* _DESCRIPTION OF THE TASK_
Only lines containing the word "Subsystem" belong in the answer; copy each one from the records.

--- DATA EXTRACT ---

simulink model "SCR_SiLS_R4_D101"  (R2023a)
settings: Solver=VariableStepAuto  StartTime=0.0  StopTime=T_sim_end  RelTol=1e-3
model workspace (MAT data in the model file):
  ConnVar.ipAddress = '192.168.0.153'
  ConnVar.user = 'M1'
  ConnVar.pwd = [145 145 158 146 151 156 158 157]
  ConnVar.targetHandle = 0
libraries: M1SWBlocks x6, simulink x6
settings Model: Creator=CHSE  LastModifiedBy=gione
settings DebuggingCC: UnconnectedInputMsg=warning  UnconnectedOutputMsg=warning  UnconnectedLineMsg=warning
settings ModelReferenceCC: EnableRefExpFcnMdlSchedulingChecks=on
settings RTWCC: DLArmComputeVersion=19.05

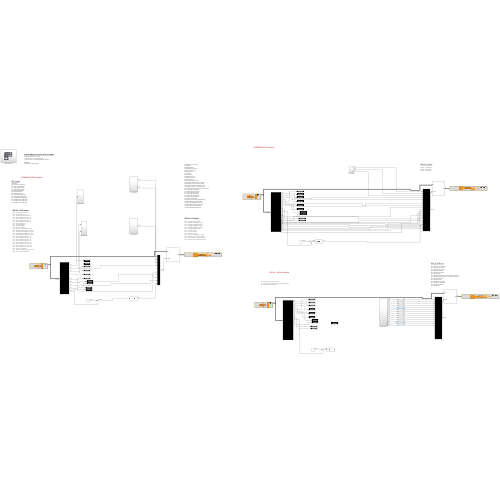
[thumbnail: Simulink's stored preview of the top-level diagram]
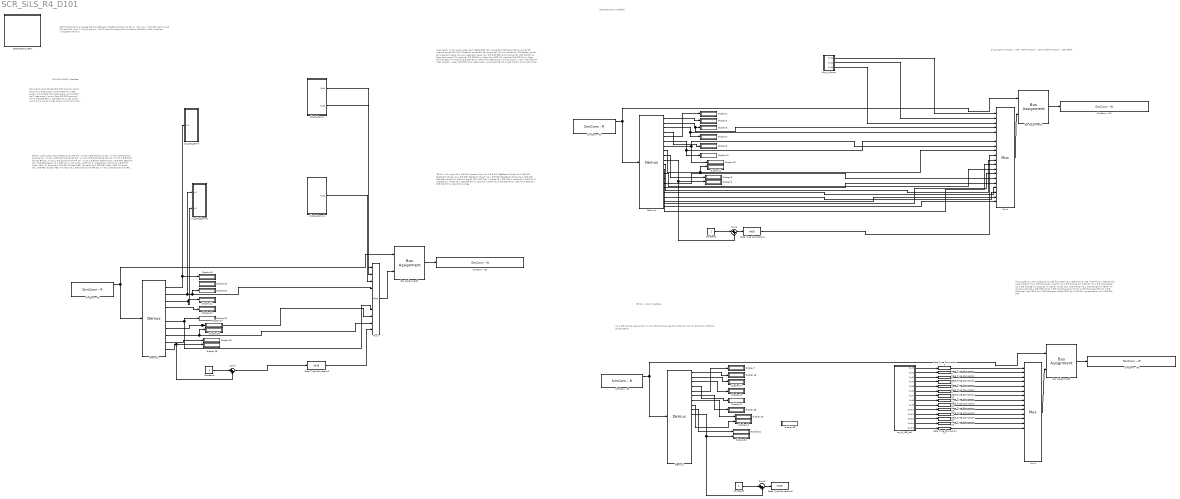
== system SCR_SiLS_R4_D101 ==
  note: No.1 G/E Dosing urea control VV
      |
      | No.1 G/E Dosing urea flow rate (l/h) (KR, NK class)
      |
      | No.1 G/E NOx concentration
  note: GE No. 1 DI intput
      |
      | No.1 G/E NOx sensor Alarm
      |
      | No.1 G/E RSV Feedback (Open)
      |
      | No.1 G/E RSV Feedback (Close)
      |
      | No.1 G/E RBV Feedback (Open)
      |
      | No.1 G/E RBV Feedback (Close)
      |
      | No.1 G/E SCR Remote mode
      |
      | No.1 G/E Run signal
      |
      | No.1 G/E Tier III mode
      |
      | No.1 G/E Tier II mode
      |
      | No.1 G/E Tier III preparation mode
      |
      | No.1 G/E SCR Em'cy stop from panel
      |
      | No.1 G/E SCR Emc'y stop from ECR
      |
      | No.1 G/E SCR Em'cy stop from bridge
  note: GE No. 1 DO output
      |
      | No.1 G/E Dosing urea Sol. VV
      |
      | No.1 G/E Dosing air Sol. VV
      |
      | No.1 G/E Dosing purging Sol. VV
      |
      | No.1 G/E Soot blower #1 Sol. VV
      |
      | No.1 G/E Soot blower #2 Sol. VV
      |
      | No.1 G/E Soot blower #3 Sol. VV
      |
      | No.1 G/E Soot blower #4 Sol. VV
      |
      | No.1 G/E RSV Setpoint
      |
      | No.1 G/E RBV Setpoint
      |
      | No.1 G/E SCR Ready
      |
      | No.1 G/E Tier III Active
      |
      | No.1 G/E Tier III preparation Active
      |
      | No.1 G/E RSV Open (ABS, NK class)
      |
      | No.1 G/E RSV Closed (ABS, NK class)
      |
      | No.1 G/E RBV Open (ABS, NK class)
      |
      | No.1 G/E RBV Closed (ABS, NK class)
      |
      | No.1 G/E Soot blower #5 Sol. VV
      |
      | No.1 G/E Soot blower #6 Sol. VV
      |
      | No.1 G/E Soot blower #7 Sol. VV
      |
      | No.1 G/E Soot blower #8 Sol. VV
      |
      | No.1 G/E Soot blower #9 Sol. VV
      |
      | No.1 G/E Soot blower #10 Sol. VV
      |
      | No.1 G/E Soot blower #11 Sol. VV
      |
      | No.1 G/E Soot blower #12 Sol. VV
      |
      | No.1 G/E Tier III Transfer
      |
      | No.1 SCR both bypass valve not open
      |
      | No.# G/E Common Shutdown
  note: DO output
      | Alarm Buzzer
      |
      | G/E SCR common alarm lamp
      |
      | No.1 Urea supply pump Start
      |
      | No.1 Urea supply pump Stop
      |
      | No.2 Urea supply pump Start
      |
      | No.2 Urea supply pump Stop
      |
      | G/E SCR common Alarm
      |
      | G/E SCR Em'cy Stopped
      |
      | No.1 Urea supply pump Running
      |
      | No.2 Urea supply pump Running
      |
      | No.1 G/E SCR Common Alarm lamp
      |
      | No.2 G/E SCR Common Alarm lamp
      |
      | No.3 G/E SCR Common Alarm lamp
      |
      | No.4 G/E SCR Common Alarm lamp
      |
      | ​
      |
      | ​
  note: Urea supply pump Auto mode
      |
      | Alarm Reset
      |
      | SCR Main power fail
      |
      | SCR Redundancy power fail
      |
      | Internal power fail(삭제됨)
      |
      | External power fail
      |
      | Fan power fail
      |
      | DC low insulation
      |
      | UPS battery power fail
      |
      | Urea tank Level Low-Low
      |
      | Urea tank Level Low
      |
      | G/E SCR ESD circuit power fail
      |
      | G/E SCR Em'cy Stop From panel (To module)
      |
      | G/E SCR Em'cy Stop From ECR (To module)
      |
      | G/E SCR Em'cy Stop From Bridge (To module)
      |
      | G/E SCR Em'cy Stop From Near Supply pump
      |
      | Supply, urea inlet filter dP High (Supply, urea inlet PDS)
      |
      | No.1 Urea supply pump Remote
      |
      | No.1 Urea supply pump Abnormal
      |
      | No.1 Urea supply pump Running
      |
      | No.2 Urea supply pump Remote
      |
      | No.2 Urea supply pump Abnormal
      |
      | No.2 Urea supply pump Running
      |
      | G/E Low Sulfur fuel supplied
      |
      | Urea tank drip tray Level High-High (ABS class)
      |
      | Urea tank TEMP High-High (ABS class)
      |
      | Urea tank Level High (ABS, BV, NK class)
      |
      | Urea tank drip tray Level High (ABS class)
      |
      | Urea tank TEMP Low (ABS, NK class)
      |
      | Urea tank TEMP High (ABS, NK class)
      |
      | ​
      |
      | ​
  note: COMMON DO/DI Interface
  note: SCR SiLS Model to evaluate the PLC software
      | modified at 2024.04.18. by Y.B. Kim
      |
      | -> Sils_DO_Comm: PLC DO and Sils input
      | -> Sils_DI_Comm : PLC DI and Sils output for simulation
      |
      | REMARK!!!
      | first, initialize workspace memory
  note: COMMON AO/AI Interface
  note: Sils_AI_Comm
      |
      | Supply, urea inlet PT
      |
      | Supply, urea outlet PT
      |
      | Supply, urea TEMP
  note: Sils_AI_GE no 1
      |
      | No.1 G/E Dosing urea flowmeter
      |
      | No.1 G/E Dosing urea inlet PT
      |
      | No.1 G/E Dosing urea outlet PT
      |
      | No.1 G/E Dosing air inlet PT
      |
      | No.1 G/E Dosing air outlet PT
      |
      | No.1 G/E Load signal
      |
      | No.1 G/E Charge Air pressure, Air cooler outlet (No.1 G/E PT212)
      |
      | No.1 G/E Charge Air TEMP, Air cooler outlet (No.1 G/E TE212)
      |
      | No.1 G/E Soot blower air PT
      |
      | No.1 G/E Chamber PDT
      |
      | No.1 G/E Chamber inlet TEMP
      |
      | No.1 G/E Chamber outlet TEMP
      |
      | No.1 G/E NOx concentration
      |
      | No.1 G/E RBV PDT
      |
      | ​
      |
      | ​
  note: GE No. 1 AO/AI Interface
  Bus Assignment1 : BusAssignment  AssignedSignals=data
  Bus Assignment2 : BusAssignment  AssignedSignals=data
  Bus Assignment3 : BusAssignment  AssignedSignals=data
  Constant1 : Constant
  Constant2 : Constant
  Constant3 : Constant
  Dashboard-system : Subsystem
  Data Type Conversion{1..17} (17 alike) : DataTypeConversion  OutDataTypeStr=int16  SaturateOnIntegerOverflow=off  RndMeth=Floor
  Demux1 : Demux  Outputs=20
  Demux2 : Demux  Outputs=10
  Demux4 : Demux  Outputs=20
  Display{1..5,7..32} (31 alike) : Display
      Display17 settings: Format=decimal (Stored Integer)
      Display20 settings: Format=decimal (Stored Integer)
      Display3 settings: Format=decimal (Stored Integer)
  Mux1 : Mux  Inputs=20
  Mux2 : Mux  Inputs=10
  Mux4 : Mux  Inputs=20
  SimConn - R1 : M1SWBlocks/SimConn Blocks/SimConn - R  connVarName=ConnVar  InswModuleName='NONOXR4'  swModuleName=NONOXR4  InvarName='.Sils_AO_Comm'  varName=.Sils_AO_Comm  varDataType=Bus: IOSim_AIO_typ  enRetOutput=on  enGetTrigger=off  getTrigger=rising  valDurLostConn=Zero  internalVal=0  DataDim=1  enSampTimMon=on  sampleTime=Ts_com
      settings: SourceProductName=Bachmann M1 Software
  SimConn - R2 : M1SWBlocks/SimConn Blocks/SimConn - R  connVarName=ConnVar  InswModuleName='NONOXR4'  swModuleName=NONOXR4  InvarName='.Sils_DO_Comm'  varName=.Sils_DO_Comm  varDataType=Bus: IOSim_typ  enRetOutput=on  enGetTrigger=off  getTrigger=rising  valDurLostConn=Zero  internalVal=0  DataDim=1  enSampTimMon=on  sampleTime=Ts_com
      settings: SourceProductName=Bachmann M1 Software
  SimConn - R3 : M1SWBlocks/SimConn Blocks/SimConn - R  connVarName=ConnVar  InswModuleName='NONOXR4'  swModuleName=NONOXR4  InvarName='.Sils_AO_GE1'  varName=.Sils_AO_GE1  varDataType=Bus: IOSim_AIO_typ  enRetOutput=on  enGetTrigger=off  getTrigger=rising  valDurLostConn=Zero  internalVal=0  DataDim=1  enSampTimMon=on  sampleTime=Ts_com
      settings: SourceProductName=Bachmann M1 Software
  SimConn - W1 : M1SWBlocks/SimConn Blocks/SimConn - W  connVarName=ConnVar  InswModuleName='NONOXR4'  swModuleName=NONOXR4  InvarName='.Sils_AI_Comm'  varName=.Sils_AI_Comm  varDataType=Bus: IOSim_AIO_typ  enRetOutput=off  enGetTrigger=off  getTrigger=rising  enSampTimMon=off
      settings: SourceProductName=Bachmann M1 Software
  SimConn - W2 : M1SWBlocks/SimConn Blocks/SimConn - W  connVarName=ConnVar  InswModuleName='NONOXR4'  swModuleName=NONOXR4  InvarName='.Sils_DI_Comm'  varName=.Sils_DI_Comm  varDataType=Bus: IOSim_typ  enRetOutput=off  enGetTrigger=off  getTrigger=rising  enSampTimMon=off
      settings: SourceProductName=Bachmann M1 Software
  SimConn - W3 : M1SWBlocks/SimConn Blocks/SimConn - W  connVarName=ConnVar  InswModuleName='NONOXR4'  swModuleName=NONOXR4  InvarName='.Sils_AI_GE1'  varName=.Sils_AI_GE1  varDataType=Bus: IOSim_AIO_typ  enRetOutput=off  enGetTrigger=off  getTrigger=rising  enSampTimMon=off
      settings: SourceProductName=Bachmann M1 Software
  Sum1 : Sum  Inputs=|++
  Sum2 : Sum  Inputs=|++
  Sum3 : Sum  Inputs=|++
  sils_AI_Comm : Subsystem
  sils_AI_GE_No1 : Subsystem
  sils_DI_Comm : Subsystem
  sils_DI_Comm1 : Subsystem
  sils_DO_Comm : Subsystem
  sils_DO_Comm1 : Subsystem
  wires:
  Demux2/3 -> sils_DO_Comm1/2(In2), Display21/1
  Constant1/1 -> Sum1/1
  Demux2/4 -> Display22/1
  Sum1/1 -> Data Type Conversion2/1
  Demux2/2 -> Mux2/4, Display20/1, sils_DO_Comm1/1(In1)
  SimConn - R2/1 -> Bus Assignment2/1, Demux2/1
  Demux2/9 -> Display25/1
  Demux2/10 -> Sum1/2, Display26/1
  Demux2/8 -> Mux2/9, Display28/1
  Demux2/7 -> Mux2/8, Display27/1
  Demux2/6 -> Mux2/7, Display29/1
  Mux2/1 -> Bus Assignment2/2
  Bus Assignment2/1 -> SimConn - W2/1
  Data Type Conversion2/1 -> Mux2/10
  Demux4/6 -> Display12/1, Mux4/7
  Bus Assignment1/1 -> SimConn - W1/1
  Demux4/9 -> Display8/1
  Demux4/7 -> Display10/1, Mux4/8
  Mux4/1 -> Bus Assignment1/2
  Demux4/10 -> Sum2/2, Display9/1
  Demux4/1 -> Display2/1
  Data Type Conversion1/1 -> Mux4/10
  Demux4/8 -> Mux4/9, Display11/1
  Demux4/5 -> Display1/1
  SimConn - R1/1 -> Bus Assignment1/1, Demux4/1
  Demux4/4 -> Display5/1
  Demux4/2 -> Mux4/4, Display3/1
  Sum2/1 -> Data Type Conversion1/1
  Constant2/1 -> Sum2/1
  Demux4/3 -> Display4/1, Mux4/5
  Demux4/11 -> Mux4/11
  Demux4/12 -> Mux4/12
  Demux4/13 -> Mux4/13
  Demux4/14 -> Mux4/14
  Demux4/15 -> Mux4/15
  Demux4/16 -> Mux4/16
  Demux4/17 -> Mux4/17
  Demux4/18 -> Mux4/18
  Demux4/19 -> Mux4/19
  Demux4/20 -> Mux4/20
  Demux2/1 -> sils_DO_Comm/1(In1), Display18/1
  sils_DI_Comm/1(Out2) -> Mux2/1
  sils_DI_Comm/2(Out3) -> Mux2/2
  sils_AI_Comm/1(Out1) -> Mux4/1
  sils_AI_Comm/2(Out2) -> Mux4/2
  sils_AI_Comm/3(Out3) -> Mux4/3
  sils_DI_Comm1/1(Out2) -> Mux2/3
  Constant3/1 -> Sum3/1
  Demux1/1 -> Display16/1
  Demux1/4 -> Display24/1
  Demux1/5 -> Display7/1
  Demux1/2 -> Display17/1
  Demux1/9 -> Display31/1
  Mux1/1 -> Bus Assignment3/2
  Bus Assignment3/1 -> SimConn - W3/1
  Demux1/6 -> Display15/1
  Sum3/1 -> Data Type Conversion3/1
  Demux1/8 -> Display14/1
  Demux1/7 -> Display13/1
  SimConn - R3/1 -> Bus Assignment3/1, Demux1/1
  Demux1/3 -> Display23/1
  sils_AI_GE_No1/3(Out3) -> Data Type Conversion6/1
  sils_AI_GE_No1/1(Out1) -> Data Type Conversion4/1
  sils_AI_GE_No1/2(Out2) -> Data Type Conversion5/1
  Demux1/10 -> Sum3/2, Display32/1
  sils_AI_GE_No1/4(Out4) -> Data Type Conversion7/1
  sils_AI_GE_No1/5(Out5) -> Data Type Conversion8/1
  sils_AI_GE_No1/6(Out6) -> Data Type Conversion9/1
  sils_AI_GE_No1/7(Out7) -> Data Type Conversion10/1
  sils_AI_GE_No1/8(Out8) -> Data Type Conversion11/1
  sils_AI_GE_No1/9(Out9) -> Data Type Conversion12/1
  sils_AI_GE_No1/10(Out10) -> Data Type Conversion13/1
  sils_AI_GE_No1/11(Out11) -> Data Type Conversion14/1
  sils_AI_GE_No1/12(Out12) -> Data Type Conversion15/1
  sils_AI_GE_No1/14(Out13) -> Data Type Conversion17/1
  sils_AI_GE_No1/13(Out14) -> Data Type Conversion16/1
  Data Type Conversion4/1 -> Mux1/1
  Data Type Conversion5/1 -> Mux1/2
  Data Type Conversion6/1 -> Mux1/3
  Data Type Conversion9/1 -> Mux1/6
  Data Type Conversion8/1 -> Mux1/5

---

* _EXPECTED OUTPUT_
  Dashboard-system : Subsystem
  sils_AI_Comm : Subsystem
  sils_AI_GE_No1 : Subsystem
  sils_DI_Comm : Subsystem
  sils_DI_Comm1 : Subsystem
  sils_DO_Comm : Subsystem
  sils_DO_Comm1 : Subsystem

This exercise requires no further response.